「悪かった…」
私がそう言うと奴は傍らにあった新しい酒を開け、そのまま口を付け、一気に飲み干し、空になった瓶をテーブルに置くと息を吐いた…奴から殺気が消えていく…
「…あいつの両親は知っての通り豪胆なタイプだし、俺の過去を知っても普通に俺を息子と呼ぼうとするお人好しだ…そもそも人の死が身近にあった連中だしな…だがな、兄貴は平和なこの国の生まれで…本当に真面目で…大馬鹿者なんだ…腕っ節は親父譲りで俺も…弟も…悪さする度にぶん殴って反省させられた…その癖親父に報告する時は自分も一緒になって頭を下げやがる…それでいて自分は絶対問題を起こさねぇ…冗談じゃねぇ…兄貴が俺の過去を知ったら勝手に責任取って自殺でもしかねねぇんだよ…」
そこまでなのか…
「だから…今回は間違っても変な気は回すんじゃねぇ。…俺はお前を何が何でも殺すしか無くなる。」
「ああ。例え君の兄が誰か分かっても、私からは何も言わないと約束しよう…私たちが共に死ぬ分には勝手かもしれんが…無関係な君の兄を死なせるわけには行かない。」
「その言葉、信じるぜ?……シラケちまったな…今日はもうお開きにしようぜ。」
「…そうだな…時間も丁度いい…後はやっておこう…君はもう休み「ざけんな。ここは俺の店だ。」…そうか、そうだな…」
私たちは酒瓶を袋に入れ、グラスを洗うと、明日の仕込みに入った…
「…何かアンタたち…今日はギクシャクしてると思ってたけど…昨日私がいない間にそんな事になってたのね。」
「ああ…」
翌日…店の閉店後…私は凛と共に家に帰り昨夜の事を話していた…
「…敢えて言わせてもらうけど…全面的にアンタが悪いわよ。」
「やはり…そうなのか…」
「アンタ、人の事に首突っ込み過ぎなのよ。何時かこういう時が来るんじゃないかと思ってたわ…良かったわね、相手が身内で。これがもし、赤の他人の話だったら…多分もっと拗れてたと思うわ。」
「……」
「あ~もう!辛気臭い顔しないの!あいつの事なら大丈夫よ。
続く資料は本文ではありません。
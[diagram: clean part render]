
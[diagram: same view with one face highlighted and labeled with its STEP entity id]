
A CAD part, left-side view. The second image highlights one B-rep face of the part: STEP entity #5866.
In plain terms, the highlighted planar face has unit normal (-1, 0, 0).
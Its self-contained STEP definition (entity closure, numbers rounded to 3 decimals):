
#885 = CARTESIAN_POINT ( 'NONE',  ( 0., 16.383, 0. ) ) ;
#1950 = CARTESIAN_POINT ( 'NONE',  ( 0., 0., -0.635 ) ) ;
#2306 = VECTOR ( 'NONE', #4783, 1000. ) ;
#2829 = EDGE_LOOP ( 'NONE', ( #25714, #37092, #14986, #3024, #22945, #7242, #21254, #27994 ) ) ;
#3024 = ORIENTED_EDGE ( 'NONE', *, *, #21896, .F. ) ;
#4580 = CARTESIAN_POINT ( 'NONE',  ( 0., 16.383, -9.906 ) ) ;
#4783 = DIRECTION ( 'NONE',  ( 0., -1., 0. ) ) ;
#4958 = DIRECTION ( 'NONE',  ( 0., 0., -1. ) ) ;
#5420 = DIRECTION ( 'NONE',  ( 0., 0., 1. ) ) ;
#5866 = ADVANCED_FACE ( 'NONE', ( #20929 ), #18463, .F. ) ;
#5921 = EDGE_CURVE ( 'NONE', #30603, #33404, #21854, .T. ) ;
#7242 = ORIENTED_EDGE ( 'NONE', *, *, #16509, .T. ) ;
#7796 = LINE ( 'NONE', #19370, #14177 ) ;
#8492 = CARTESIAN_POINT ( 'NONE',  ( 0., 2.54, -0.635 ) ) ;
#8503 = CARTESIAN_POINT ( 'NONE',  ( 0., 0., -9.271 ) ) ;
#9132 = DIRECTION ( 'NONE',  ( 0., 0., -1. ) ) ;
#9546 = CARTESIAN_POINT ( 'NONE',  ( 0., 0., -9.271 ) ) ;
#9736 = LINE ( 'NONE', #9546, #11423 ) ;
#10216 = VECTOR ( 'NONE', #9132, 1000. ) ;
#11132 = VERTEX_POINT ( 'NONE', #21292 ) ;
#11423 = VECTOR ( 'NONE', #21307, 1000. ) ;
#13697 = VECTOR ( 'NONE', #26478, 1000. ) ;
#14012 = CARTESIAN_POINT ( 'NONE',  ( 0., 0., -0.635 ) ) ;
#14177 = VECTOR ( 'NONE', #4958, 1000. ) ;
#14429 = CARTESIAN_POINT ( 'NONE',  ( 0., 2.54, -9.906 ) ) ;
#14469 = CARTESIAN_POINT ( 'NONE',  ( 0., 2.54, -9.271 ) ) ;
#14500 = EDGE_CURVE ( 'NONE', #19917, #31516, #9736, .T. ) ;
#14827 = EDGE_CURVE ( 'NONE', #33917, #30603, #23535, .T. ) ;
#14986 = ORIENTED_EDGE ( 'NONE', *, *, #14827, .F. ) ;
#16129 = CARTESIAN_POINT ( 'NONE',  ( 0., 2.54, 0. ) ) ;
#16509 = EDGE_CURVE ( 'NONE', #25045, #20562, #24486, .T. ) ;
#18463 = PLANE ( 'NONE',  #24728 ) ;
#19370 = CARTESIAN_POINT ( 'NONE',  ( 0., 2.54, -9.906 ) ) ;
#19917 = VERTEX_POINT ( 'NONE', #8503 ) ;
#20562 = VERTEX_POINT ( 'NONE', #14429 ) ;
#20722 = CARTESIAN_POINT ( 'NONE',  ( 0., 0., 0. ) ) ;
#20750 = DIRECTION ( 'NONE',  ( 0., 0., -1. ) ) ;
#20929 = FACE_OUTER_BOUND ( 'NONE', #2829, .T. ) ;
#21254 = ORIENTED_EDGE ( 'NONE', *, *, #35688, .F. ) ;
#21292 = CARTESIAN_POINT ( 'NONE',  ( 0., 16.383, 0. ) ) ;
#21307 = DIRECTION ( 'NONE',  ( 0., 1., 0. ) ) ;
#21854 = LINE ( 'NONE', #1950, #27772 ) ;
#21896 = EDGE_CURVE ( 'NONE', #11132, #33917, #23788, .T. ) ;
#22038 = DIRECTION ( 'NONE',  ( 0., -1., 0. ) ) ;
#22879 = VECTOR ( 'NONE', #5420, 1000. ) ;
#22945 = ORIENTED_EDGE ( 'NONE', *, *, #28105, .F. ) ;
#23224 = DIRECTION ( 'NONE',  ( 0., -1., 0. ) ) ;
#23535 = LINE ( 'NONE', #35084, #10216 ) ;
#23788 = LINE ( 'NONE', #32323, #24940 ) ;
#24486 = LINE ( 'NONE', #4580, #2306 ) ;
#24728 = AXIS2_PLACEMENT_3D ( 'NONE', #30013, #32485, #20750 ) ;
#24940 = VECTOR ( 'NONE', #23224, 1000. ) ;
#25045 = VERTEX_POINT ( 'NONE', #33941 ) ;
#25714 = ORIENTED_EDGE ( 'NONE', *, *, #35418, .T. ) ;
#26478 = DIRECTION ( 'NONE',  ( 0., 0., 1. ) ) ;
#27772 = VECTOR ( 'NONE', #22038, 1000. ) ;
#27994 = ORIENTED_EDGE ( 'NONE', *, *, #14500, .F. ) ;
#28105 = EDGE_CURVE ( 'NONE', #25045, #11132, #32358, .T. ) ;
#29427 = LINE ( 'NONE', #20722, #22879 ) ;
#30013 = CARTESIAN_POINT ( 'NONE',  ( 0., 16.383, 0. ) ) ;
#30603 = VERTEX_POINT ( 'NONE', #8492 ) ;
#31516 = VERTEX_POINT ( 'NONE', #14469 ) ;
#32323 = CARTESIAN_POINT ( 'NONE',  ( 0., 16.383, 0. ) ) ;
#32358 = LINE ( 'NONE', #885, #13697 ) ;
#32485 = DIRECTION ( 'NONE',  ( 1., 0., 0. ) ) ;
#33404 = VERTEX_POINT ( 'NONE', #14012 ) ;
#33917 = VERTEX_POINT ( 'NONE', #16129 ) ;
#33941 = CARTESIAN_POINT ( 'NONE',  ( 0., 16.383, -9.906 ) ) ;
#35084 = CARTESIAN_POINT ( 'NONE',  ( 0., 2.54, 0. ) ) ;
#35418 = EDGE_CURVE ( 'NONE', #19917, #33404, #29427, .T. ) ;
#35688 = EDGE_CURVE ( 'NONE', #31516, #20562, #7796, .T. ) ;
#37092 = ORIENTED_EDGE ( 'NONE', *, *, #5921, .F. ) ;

」
「…何故…そう言い切れる…?」
「忘れたの?今日はルヴィアがいたのよ?」
…あっ…
「勘の良いルヴィアがあいつの様子が可笑しいのに気付かないわけないし、放っておくわけないわ。」
「…一つ不安な事があるのだが…」
「何よ?」
「ルヴィアは…私以上に余計な気を回すんじゃないか?…どうなるかは…分からんぞ…?」
「あいつが無関係な犠牲を出すわけないでしょ。最もあいつらは意見が平行線を辿るだろうから…明日はまた店が無くなってるかもしれないわね…」
「なら、止めた方が良いのでは無いか…」
「あの二人の戦いに乱入して被害を拡大させない自信あるわけ?」
「……」
「良く言えば、被害は店が無くなるくらいで済むのよ…後のことはそこで考えましょう。」